Following two years of rapid growth, Indian automakers faced pressure throughout much of 2024 due to weak demand for new cars and rising costs, which led them to provide bigger discounts.

Analysts also noted that discounts during the quarter increased, driven by year-end sales incentives and promotions during the festive season.

The 'Alto maker's standalone profit rose 12.6% year-on-year to 35.25 billion rupees ($407.3 million) for the quarter that ended Dec. 31, but missed analysts' estimates of 36.62 billion rupees, per data compiled by LSEG.

However, Maruti's revenue grew 15.5% to 368.02 billion rupees, boosted by the sale of pricier and higher margin utility vehicles, which mainly comprise sport utility vehicles (SUV).

Maruti's utility vehicle sales rose 20.2% in the reported quarter.

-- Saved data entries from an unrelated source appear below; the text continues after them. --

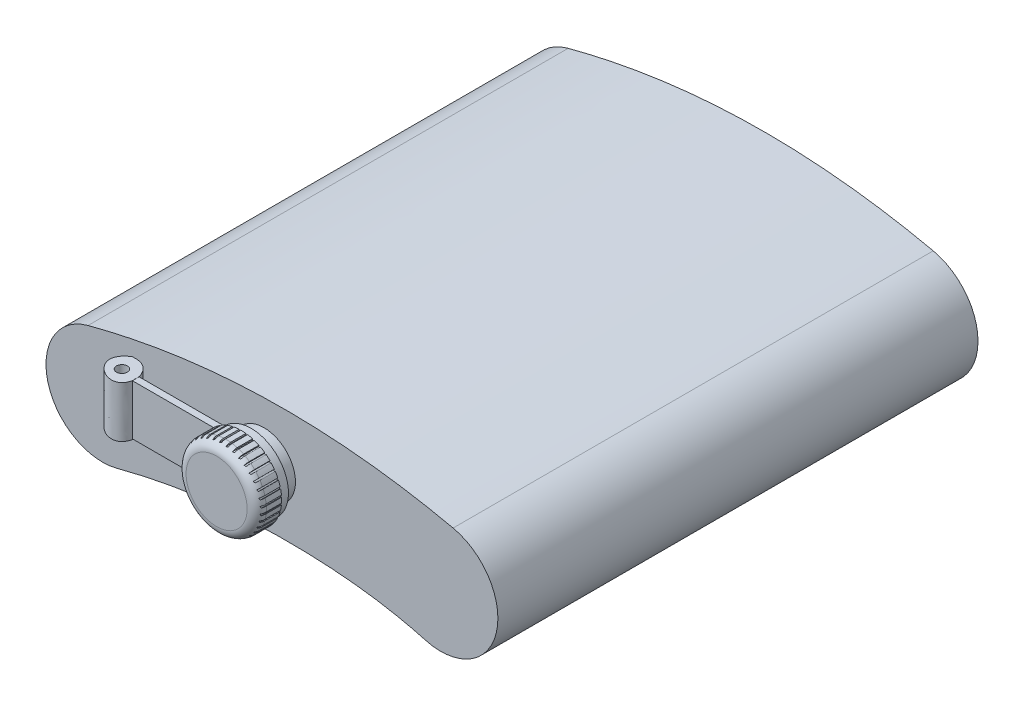
from build123d import *

# Parameters (mm, degrees)
BOSS_EXTRUDE1_DEPTH      = 635
SKETCH2_R                = 41.565118026
BOSS_EXTRUDE2_DEPTH      = 17.018
SKETCH3_R                = 49.338707078
BOSS_EXTRUDE3_DEPTH      = 12.7
SKETCH4_R                = 53.072998168
BOSS_EXTRUDE4_DEPTH      = 26.924
SKETCH6_W                = 2.199389172
SKETCH6_H                = 26.924
CUT_EXTRUDE1_DEPTH       = 252.73
CIRPATTERN1_COUNT        = 37
SKETCH8_R                = 53.072998168
BOSS_EXTRUDE5_DEPTH      = 6.096
FILLET1_R                = 12.7
SKETCH9_W                = 8.880990223
SKETCH9_H                = 66.607426671
BOSS_EXTRUDE6_DEPTH      = 402.082
SKETCH11_W               = 304.653820792
SKETCH11_H               = 223.659508431
CUT_EXTRUDE2_DEPTH       = 17.78
BOSS_EXTRUDE7_DEPTH      = 0.762
BOSS_EXTRUDE7_DEPTH_BACK = 66.802
SKETCH13_R               = 7.203911694
CUT_EXTRUDE3_DEPTH       = 81.28


with BuildPart() as part:
    # Sketch1 → Boss-Extrude1 (new body)
    with BuildSketch(Plane.XY):
        with BuildLine():
            ThreePointArc((193.435050077, 345.290150179), (140.336854143, 253.921297535), (231.705706788, 200.823101601))
            add(Edge.make_bspline(
                [(231.705706788, 200.823101601), (319.03548732, 223.957567794), (454.715193716, 237.65780701), (591.136459106, 221.520638174), (639.636432781, 208.027521255)],
                knots=[0, 0, 0, 0, 0.638604127, 1, 1, 1, 1], degree=3))
            ThreePointArc((639.636432781, 208.027521255), (733.292071352, 262.550783601), (676.324279709, 354.739912505))
            add(Edge.make_bspline(
                [(676.324279709, 354.739912505), (610.418204719, 369.390310224), (449.537559901, 389.095231292), (288.420462981, 370.452664161), (193.435050077, 345.290150179)],
                knots=[0, 0, 0, 0, 0.409672869, 1, 1, 1, 1], degree=3))
        make_face()
    extrude(amount=BOSS_EXTRUDE1_DEPTH)

    # Sketch2 → Boss-Extrude2 (add)
    with BuildSketch(Plane.XY.offset(635)):
        with Locations((426.230487536, 303.079974585)):
            Circle(SKETCH2_R)
    extrude(amount=BOSS_EXTRUDE2_DEPTH)

    # Sketch3 → Boss-Extrude3 (add)
    with BuildSketch(Plane.XY.offset(652.018)):
        with Locations(Location((426.230487536, 303.079974585, 0), (0, 0, 180))):
            Circle(SKETCH3_R)
    extrude(amount=BOSS_EXTRUDE3_DEPTH)

    # Sketch4 → Boss-Extrude4 (add)
    with BuildSketch(Plane.XY.offset(664.718)):
        with Locations((426.230487536, 303.079974585)):
            Circle(SKETCH4_R)
    extrude(amount=BOSS_EXTRUDE4_DEPTH)

    # Sketch6 → Cut-Extrude1 (cut)
    with BuildSketch(Plane(origin=(0, 0, 0), x_dir=(1, 0, 0), z_dir=(0, 1, 0))):
        with Locations((414.939161023, -678.18)):
            Rectangle(SKETCH6_W, SKETCH6_H)
    cut_extrude1 = extrude(amount=CUT_EXTRUDE1_DEPTH, mode=Mode.SUBTRACT)

    # CirPattern1: Cut-Extrude1 ×37 about axis
    cirpattern1_axis = Axis((426.230487536, 303.079974585, 0), (0, 0, 1))
    for i in range(1, CIRPATTERN1_COUNT):
        add(cut_extrude1.rotate(cirpattern1_axis, i * 360 / CIRPATTERN1_COUNT), mode=Mode.SUBTRACT)

    # Sketch8 → Boss-Extrude5 (add)
    with BuildSketch(Plane.XY.offset(691.642)):
        with Locations(Location((426.230487536, 303.079974585, 0), (0, 0, 181.090859226))):
            Circle(SKETCH8_R)
    extrude(amount=BOSS_EXTRUDE5_DEPTH)

    # Fillet1
    # the kernel refuses this fillet: 12.7 mm, written as the material it takes off along each edge
    with BuildSketch(Plane(origin=(426.230487536, 303.079974585, 697.738), x_dir=(-0.9998187620927494, -0.01903793495424113, 0), z_dir=(-0.01903793495424113, 0.9998187620927494, 0))) as fillet1_piece_1:
        with BuildLine():
            CenterArc((53.072998168 - FILLET1_R, -FILLET1_R), FILLET1_R, 0, 90)
            Line((53.072998168 - FILLET1_R, 0), (53.072998168, 0))
            Line((53.072998168, 0), (53.072998168, -FILLET1_R))
        make_face()
    revolve(axis=Axis((426.230487536, 303.079974585, 697.738), (0, 0, 1)), mode=Mode.SUBTRACT)

    # Sketch9 → Boss-Extrude6 (add)
    with BuildSketch(Plane(origin=(0, 0, 0), x_dir=(0, 0, -1), z_dir=(1, 0, 0))):
        with Locations((-657.871395655, 305.414235749)):
            Rectangle(SKETCH9_W, SKETCH9_H)
    extrude(amount=BOSS_EXTRUDE6_DEPTH)

    # Sketch11 → Cut-Extrude2 (cut)
    with BuildSketch(Plane.XY.offset(662.311890766)):
        with Locations((127.187681637, 323.90707289)):
            Rectangle(SKETCH11_W, SKETCH11_H)
    extrude(amount=-CUT_EXTRUDE2_DEPTH, mode=Mode.SUBTRACT)

    # Sketch12 → Boss-Extrude7 (add, two sides: drawn at the far end of the back side and taken through both)
    with BuildSketch(Plane(origin=(0, 272.110522413, 0), x_dir=(-1, 0, 0), z_dir=(0, -1, 0)).offset(-BOSS_EXTRUDE7_DEPTH_BACK)):
        with BuildLine():
            Line((-279.514592033, -662.311890766), (-279.514592033, -653.430900543))
            add(Edge.make_bspline(
                [(-252.171562033, -635), (-273.248108178, -633.224660121), (-279.514592033, -653.430900543)],
                knots=[0, 0, 0, 1, 1, 1], degree=2))
            add(Edge.make_bspline(
                [(-279.514592033, -662.311890766), (-272.790078489, -695.578847654), (-215.630884772, -657.7836819), (-252.171562033, -635)],
                knots=[0, 0, 0, 0, 1, 1, 1, 1], degree=3))
        make_face()
    extrude(amount=BOSS_EXTRUDE7_DEPTH + BOSS_EXTRUDE7_DEPTH_BACK)

    # Sketch13 → Cut-Extrude3 (cut)
    with BuildSketch(Plane(origin=(0, 271.348522413, 0), x_dir=(-1, 0, 0), z_dir=(0, -1, 0))):
        with Locations(Location((-259.313862911, -656.071474204, 0), (0, 0, 90))):
            Circle(SKETCH13_R)
    extrude(amount=-CUT_EXTRUDE3_DEPTH, mode=Mode.SUBTRACT)


solid = part.part
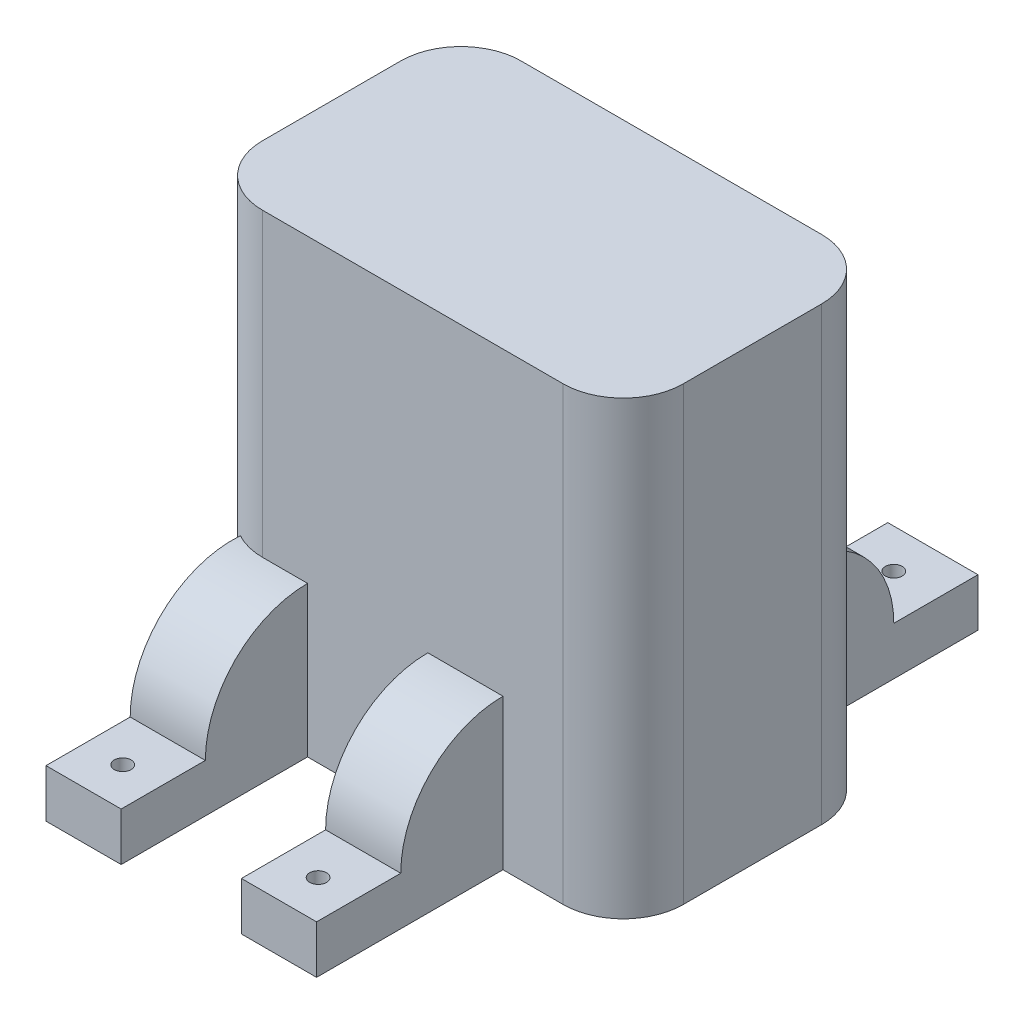
from build123d import *

# Parameters (mm, degrees)
ESQUISSE1_W             = 7
ESQUISSE1_H             = 4.3
BOSS_EXTRU_1_DEPTH      = 7.5
COQUE1_T                = -1
ESQUISSE2_W             = 1.25
ESQUISSE2_H             = 0.8
BOSS_EXTRU_2_DEPTH      = 3.1
ESQUISSE3_W             = 1.5
ESQUISSE3_H             = 0.8
BOSS_EXTRU_3_DEPTH      = 3.1
ESQUISSE4_R             = 0.14
ENL_V_MAT_EXTRU_1_DEPTH = 13.192210628
BOSS_EXTRU_4_DEPTH      = 1.25
BOSS_EXTRU_5_START      = -1.25
BOSS_EXTRU_5_DEPTH      = 1.25
BOSS_EXTRU_6_DEPTH      = 1.5
CONG_1_R                = 1


with BuildPart() as part:
    # Esquisse1 → Boss.-Extru.1 (new body)
    with BuildSketch(Plane(origin=(0, 0, 0), x_dir=(1, 0, 0), z_dir=(0, 1, 0))):
        with Locations((3.5, 2.15)):
            Rectangle(ESQUISSE1_W, ESQUISSE1_H)
    extrude(amount=BOSS_EXTRU_1_DEPTH)

    # Coque1
    coque1_openings = [part.faces().sort_by_distance(p)[0] for p in [
        (3.5, 0, -2.15),
    ]]
    offset(amount=COQUE1_T, openings=coque1_openings, kind=Kind.INTERSECTION)

    # Esquisse2 → Boss.-Extru.2 (add)
    with BuildSketch(Plane.XY):
        with Locations((1.125, 0.4)):
            Rectangle(ESQUISSE2_W, ESQUISSE2_H)
        with Locations((4.375, 0.4)):
            Rectangle(ESQUISSE2_W, ESQUISSE2_H)
    extrude(amount=BOSS_EXTRU_2_DEPTH)

    # Esquisse3 → Boss.-Extru.3 (add)
    with BuildSketch(Plane(origin=(0, 0, -4.3), x_dir=(-1, 0, 0), z_dir=(0, 0, -1))):
        with Locations((-4.75, 0.4)):
            Rectangle(ESQUISSE3_W, ESQUISSE3_H)
    extrude(amount=BOSS_EXTRU_3_DEPTH)

    # Esquisse4 → Enlèv. mat.-Extru.1 (cut, through all)
    with BuildSketch(Plane(origin=(0, 0.8, 0), x_dir=(1, 0, 0), z_dir=(0, 1, 0))):
        with Locations(Location((4.75, 6.75, 0), (0, 0, 270))):
            Circle(ESQUISSE4_R)
        with Locations(Location((1.125, -2.45, 0), (0, 0, 270))):
            Circle(ESQUISSE4_R)
        with Locations(Location((4.375, -2.45, 0), (0, 0, 270))):
            Circle(ESQUISSE4_R)
    extrude(amount=-ENL_V_MAT_EXTRU_1_DEPTH, mode=Mode.SUBTRACT)

    # Esquisse5 → Boss.-Extru.4 (add)
    with BuildSketch(Plane(origin=(5, 0, 0), x_dir=(0, 0, -1), z_dir=(1, 0, 0))):
        with BuildLine():
            Line((0, 2.5), (0, 0.8))
            Line((0, 0.8), (-1.7, 0.8))
            ThreePointArc((-1.7, 0.8), (-1.202081528, 2.002081528), (0, 2.5))
        make_face()
    extrude(amount=-BOSS_EXTRU_4_DEPTH)

    # Esquisse6 → Boss.-Extru.5 (add)
    with BuildSketch(Plane.ZY.offset(-0.5).offset(BOSS_EXTRU_5_START)):
        with BuildLine():
            Line((0, 2.5), (0, 0.8))
            Line((0, 0.8), (1.7, 0.8))
            ThreePointArc((1.7, 0.8), (1.202081528, 2.002081528), (0, 2.5))
        make_face()
    extrude(amount=BOSS_EXTRU_5_DEPTH)

    # Esquisse7 → Boss.-Extru.6 (add)
    with BuildSketch(Plane.ZY.offset(-4)):
        with BuildLine():
            Line((-4.3, 2.5), (-4.3, 0.8))
            Line((-4.3, 0.8), (-6, 0.8))
            ThreePointArc((-6, 0.8), (-5.502081528, 2.002081528), (-4.3, 2.5))
        make_face()
    extrude(amount=-BOSS_EXTRU_6_DEPTH)

    # Congé1
    # the kernel refuses this fillet: 1 mm, written as the material it takes off along each edge
    with BuildSketch(Plane(origin=(0, -2.5, 0), x_dir=(1, 0, 0), z_dir=(0, 1, 0))) as cong_1_piece_1_section:
        with BuildLine():
            CenterArc((CONG_1_R, CONG_1_R), CONG_1_R, 180, 90)
            Line((0, CONG_1_R), (0, 0))
            Line((0, 0), (CONG_1_R, 0))
        make_face()
    cong_1_piece_1 = extrude(amount=12.5, mode=Mode.PRIVATE)
    cong_1_piece_1 = split(cong_1_piece_1, bisect_by=Plane(origin=(0.5, 1.236097217, -0.241175313), z_dir=(-1, 0, 0)), keep=Keep.TOP, mode=Mode.PRIVATE)
    add(cong_1_piece_1, mode=Mode.SUBTRACT)
    with BuildSketch(Plane(origin=(0, -2.5, 0), x_dir=(1, 0, 0), z_dir=(0, 1, 0))) as cong_1_piece_2_section:
        with BuildLine():
            CenterArc((CONG_1_R, CONG_1_R), CONG_1_R, 180, 90)
            Line((0, CONG_1_R), (0, 0))
            Line((0, 0), (CONG_1_R, 0))
        make_face()
    cong_1_piece_2 = extrude(amount=12.5, mode=Mode.PRIVATE)
    cong_1_piece_2 = cong_1_piece_2 - Plane(origin=(0.623254318, 0.8, 0), x_dir=(0, 0, 1), z_dir=(1, 0, 0)) * Cylinder(1.7, 29, mode=Mode.PRIVATE)
    add(cong_1_piece_2, mode=Mode.SUBTRACT)
    with BuildSketch(Plane(origin=(0, -2.5, -4.3), x_dir=(1, 0, 0), z_dir=(0, 1, 0)), Plane(origin=(7, -2.5, -4.3), x_dir=(0, 0, 1), z_dir=(0, 1, 0)), Plane(origin=(7, -2.5, 0), x_dir=(-1, 0, 0), z_dir=(0, 1, 0))) as cong_1_piece_3:
        with BuildLine():
            CenterArc((CONG_1_R, -CONG_1_R), CONG_1_R, 90, 90)
            Line((0, -CONG_1_R), (0, 0))
            Line((0, 0), (CONG_1_R, 0))
        make_face()
    extrude(amount=12.5, mode=Mode.SUBTRACT)


solid = part.part
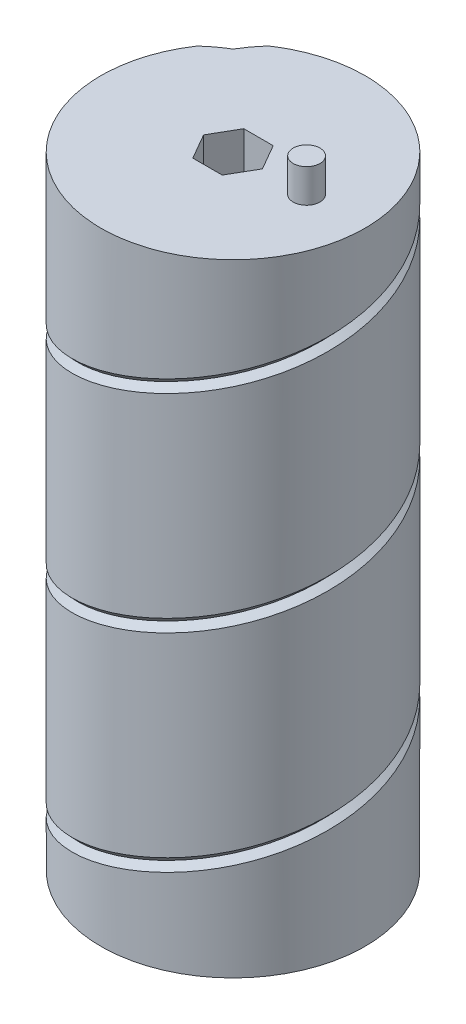
from build123d import *

# Parameters (mm, degrees)
SKETCH1_2_R                  = 19.75
EXTRUDE_MAIN_BODY_DEPTH      = 93
CUT_ANTENNA_WIRE_GUIDE_PITCH = 31
SKETCH28_R                   = 2
EXTRUDED_PEG_DEPTH           = 5
HOLE_FOR_THREADED_ROD_D      = 4.4958
SKETCH31_R                   = 2.25
CUT_PEG_DEPTH                = 5.5
CUT_EXTRUDE1_DEPTH           = 26.67


with BuildPart() as part:
    # Sketch1<2> → Extrude - Main Body (new body)
    with BuildSketch(Plane(origin=(0, 0, 0), x_dir=(1, 0, 0), z_dir=(0, 1, 0))):
        with Locations(Location((0, 0, 0), (0, 0, 90))):
            Circle(SKETCH1_2_R)
    extrude(amount=EXTRUDE_MAIN_BODY_DEPTH)

    # Cut - Antenna Wire Guide: arcs per turn and ends read off the stored shape
    # Cut - Antenna Wire Guide: the profile of Sketch15 screwed along a right-hand helix through 4.5 turns, 24 arcs to a turn; built about Z, then put on its axis
    cut_antenna_wire_guide_z = Axis((0, 0, 0), (0, 0, 1))
    cut_antenna_wire_guide_corners = [(19.75, 0, -31), (19.75, 0.222791045, -31.891831907), (18.830761184, 0, -31), (19.75, -0.222791045, -30.108168093)]
    with BuildLine(mode=Mode.PRIVATE) as cut_antenna_wire_guide_profile:
        Line(cut_antenna_wire_guide_corners[0], cut_antenna_wire_guide_corners[1])
        Line(cut_antenna_wire_guide_corners[1], cut_antenna_wire_guide_corners[2])
        Line(cut_antenna_wire_guide_corners[2], cut_antenna_wire_guide_corners[3])
        Line(cut_antenna_wire_guide_corners[3], cut_antenna_wire_guide_corners[0])
    cut_antenna_wire_guide_cap = Face(cut_antenna_wire_guide_profile.wire())
    cut_antenna_wire_guide_turn_angles = [0, 7.5, 15, 22.5, 30, 37.5, 45, 52.5, 60, 67.5, 75, 82.5, 90, 97.5, 105, 112.5, 120, 127.5, 135, 142.5, 150, 157.5, 165, 172.5, 180, 187.5, 195, 202.5, 210, 217.5, 225, 232.5, 240, 247.5, 255, 262.5, 270, 277.5, 285, 292.5, 300, 307.5, 315, 322.5, 330, 337.5, 345, 352.5, 360]
    cut_antenna_wire_guide_turn_weights = [1, 0.9914448613738104, 1, 0.9914448613738104, 1, 0.9914448613738104, 1, 0.9914448613738104, 1, 0.9914448613738104, 1, 0.9914448613738104, 1, 0.9914448613738104, 1, 0.9914448613738104, 1, 0.9914448613738104, 1, 0.9914448613738104, 1, 0.9914448613738104, 1, 0.9914448613738104, 1, 0.9914448613738104, 1, 0.9914448613738104, 1, 0.9914448613738104, 1, 0.9914448613738104, 1, 0.9914448613738104, 1, 0.9914448613738104, 1, 0.9914448613738104, 1, 0.9914448613738104, 1, 0.9914448613738104, 1, 0.9914448613738104, 1, 0.9914448613738104, 1, 0.9914448613738104, 1]
    cut_antenna_wire_guide_turn_rails = [Edge.make_bspline([Vector(p[0], p[1], 0).rotate(cut_antenna_wire_guide_z, cut_antenna_wire_guide_turn_angles[k]) / cut_antenna_wire_guide_turn_weights[k] + Vector(0, 0, p[2] + CUT_ANTENNA_WIRE_GUIDE_PITCH * cut_antenna_wire_guide_turn_angles[k] / 360) for k in range(49)], [0, 0, 0, 1, 1, 2, 2, 3, 3, 4, 4, 5, 5, 6, 6, 7, 7, 8, 8, 9, 9, 10, 10, 11, 11, 12, 12, 13, 13, 14, 14, 15, 15, 16, 16, 17, 17, 18, 18, 19, 19, 20, 20, 21, 21, 22, 22, 23, 23, 24, 24, 24], 2, cut_antenna_wire_guide_turn_weights) for p in cut_antenna_wire_guide_corners]
    cut_antenna_wire_guide_turn_sides = [Face.make_surface_from_curves(cut_antenna_wire_guide_turn_rails[p[0]], cut_antenna_wire_guide_turn_rails[p[1]]) for p in [(0, 1), (1, 2), (2, 3), (3, 0)]]
    cut_antenna_wire_guide_last_angles = [1440, 1447.5, 1455, 1462.5, 1470, 1477.5, 1485, 1492.5, 1500, 1507.5, 1515, 1522.5, 1530, 1537.5, 1545, 1552.5, 1560, 1567.5, 1575, 1582.5, 1590, 1597.5, 1605, 1612.5, 1620]
    cut_antenna_wire_guide_last_weights = [1, 0.9914448613738104, 1, 0.9914448613738104, 1, 0.9914448613738104, 1, 0.9914448613738104, 1, 0.9914448613738104, 1, 0.9914448613738104, 1, 0.9914448613738104, 1, 0.9914448613738104, 1, 0.9914448613738104, 1, 0.9914448613738104, 1, 0.9914448613738104, 1, 0.9914448613738104, 1]
    cut_antenna_wire_guide_last_rails = [Edge.make_bspline([Vector(p[0], p[1], 0).rotate(cut_antenna_wire_guide_z, cut_antenna_wire_guide_last_angles[k]) / cut_antenna_wire_guide_last_weights[k] + Vector(0, 0, p[2] + CUT_ANTENNA_WIRE_GUIDE_PITCH * cut_antenna_wire_guide_last_angles[k] / 360) for k in range(25)], [0, 0, 0, 1, 1, 2, 2, 3, 3, 4, 4, 5, 5, 6, 6, 7, 7, 8, 8, 9, 9, 10, 10, 11, 11, 12, 12, 12], 2, cut_antenna_wire_guide_last_weights) for p in cut_antenna_wire_guide_corners]
    cut_antenna_wire_guide_last_sides = [Face.make_surface_from_curves(cut_antenna_wire_guide_last_rails[p[0]], cut_antenna_wire_guide_last_rails[p[1]]) for p in [(0, 1), (1, 2), (2, 3), (3, 0)]]
    cut_antenna_wire_guide = Plane(origin=(0, 0, 0), x_dir=(-0.7071067811865537, 0, -0.7071067811865414), z_dir=(0, 1, 0)) * Solid(Shell([*[p.moved(Location((0, 0, CUT_ANTENNA_WIRE_GUIDE_PITCH * i))) for i in range(4) for p in cut_antenna_wire_guide_turn_sides], *cut_antenna_wire_guide_last_sides, cut_antenna_wire_guide_cap, cut_antenna_wire_guide_cap.rotate(cut_antenna_wire_guide_z, 1620).moved(Location((0, 0, CUT_ANTENNA_WIRE_GUIDE_PITCH * 1620 / 360)))]))
    add(cut_antenna_wire_guide, mode=Mode.SUBTRACT)

    # Sketch28 → Extruded Peg (add)
    with BuildSketch(Plane(origin=(0, 93, 0), x_dir=(1, 0, 0), z_dir=(0, 1, 0))):
        with Locations(Location((11, 0, 0), (0, 0, 270))):
            Circle(SKETCH28_R)
    extrude(amount=EXTRUDED_PEG_DEPTH)

    # Hole for Threaded Rod (through all)
    with Locations(Plane(origin=(0, 93, 0), x_dir=(1, 0, 0), z_dir=(0, 1, 0))):
        with Locations((0, 0)):
            Hole(HOLE_FOR_THREADED_ROD_D / 2)

    # Sketch31 → Cut Peg (cut)
    with BuildSketch(Plane.XZ):
        with Locations(Location((11, 0, 0), (0, 0, 270))):
            Circle(SKETCH31_R)
    extrude(amount=-CUT_PEG_DEPTH, mode=Mode.SUBTRACT)

    # Sketch32 → Cut-Extrude1 (cut)
    with BuildSketch(Plane(origin=(0, 93, 0), x_dir=(1, 0, 0), z_dir=(0, 1, 0))):
        Polygon((-2.199704526, -3.81), (2.199704526, -3.81), (4.399409051, 0), (2.199704526, 3.81), (-2.199704526, 3.81), (-4.399409051, 0), align=None)
    extrude(amount=-CUT_EXTRUDE1_DEPTH, mode=Mode.SUBTRACT)


solid = part.part

Sales in its largest small car segment, which includes popular models like the 'WagonR' and 'Swift,' fell by 3.7% in a market that is increasingly favouring sport utility vehicles.

Smaller cars or hatchbacks made up for about 30% of sales in India in the third quarter, while utility vehicles comprised about 67%.

Maruti's total expenses rose 15.5% as costs related to clearing inventory came in at 6.8 billion rupees, a significant increase compared to an income of 22 million rupees during the same period last year.

Its bottom line was also hurt by higher sales promotion expenses, the company said.

Last month, the New Delhi-headquartered firm said it was hiking prices across its range of cars to cope with rising costs.

Its shares, which were trading 0.2% higher before the results, reversed course and were down 1% as of 2:44 p.m. IST.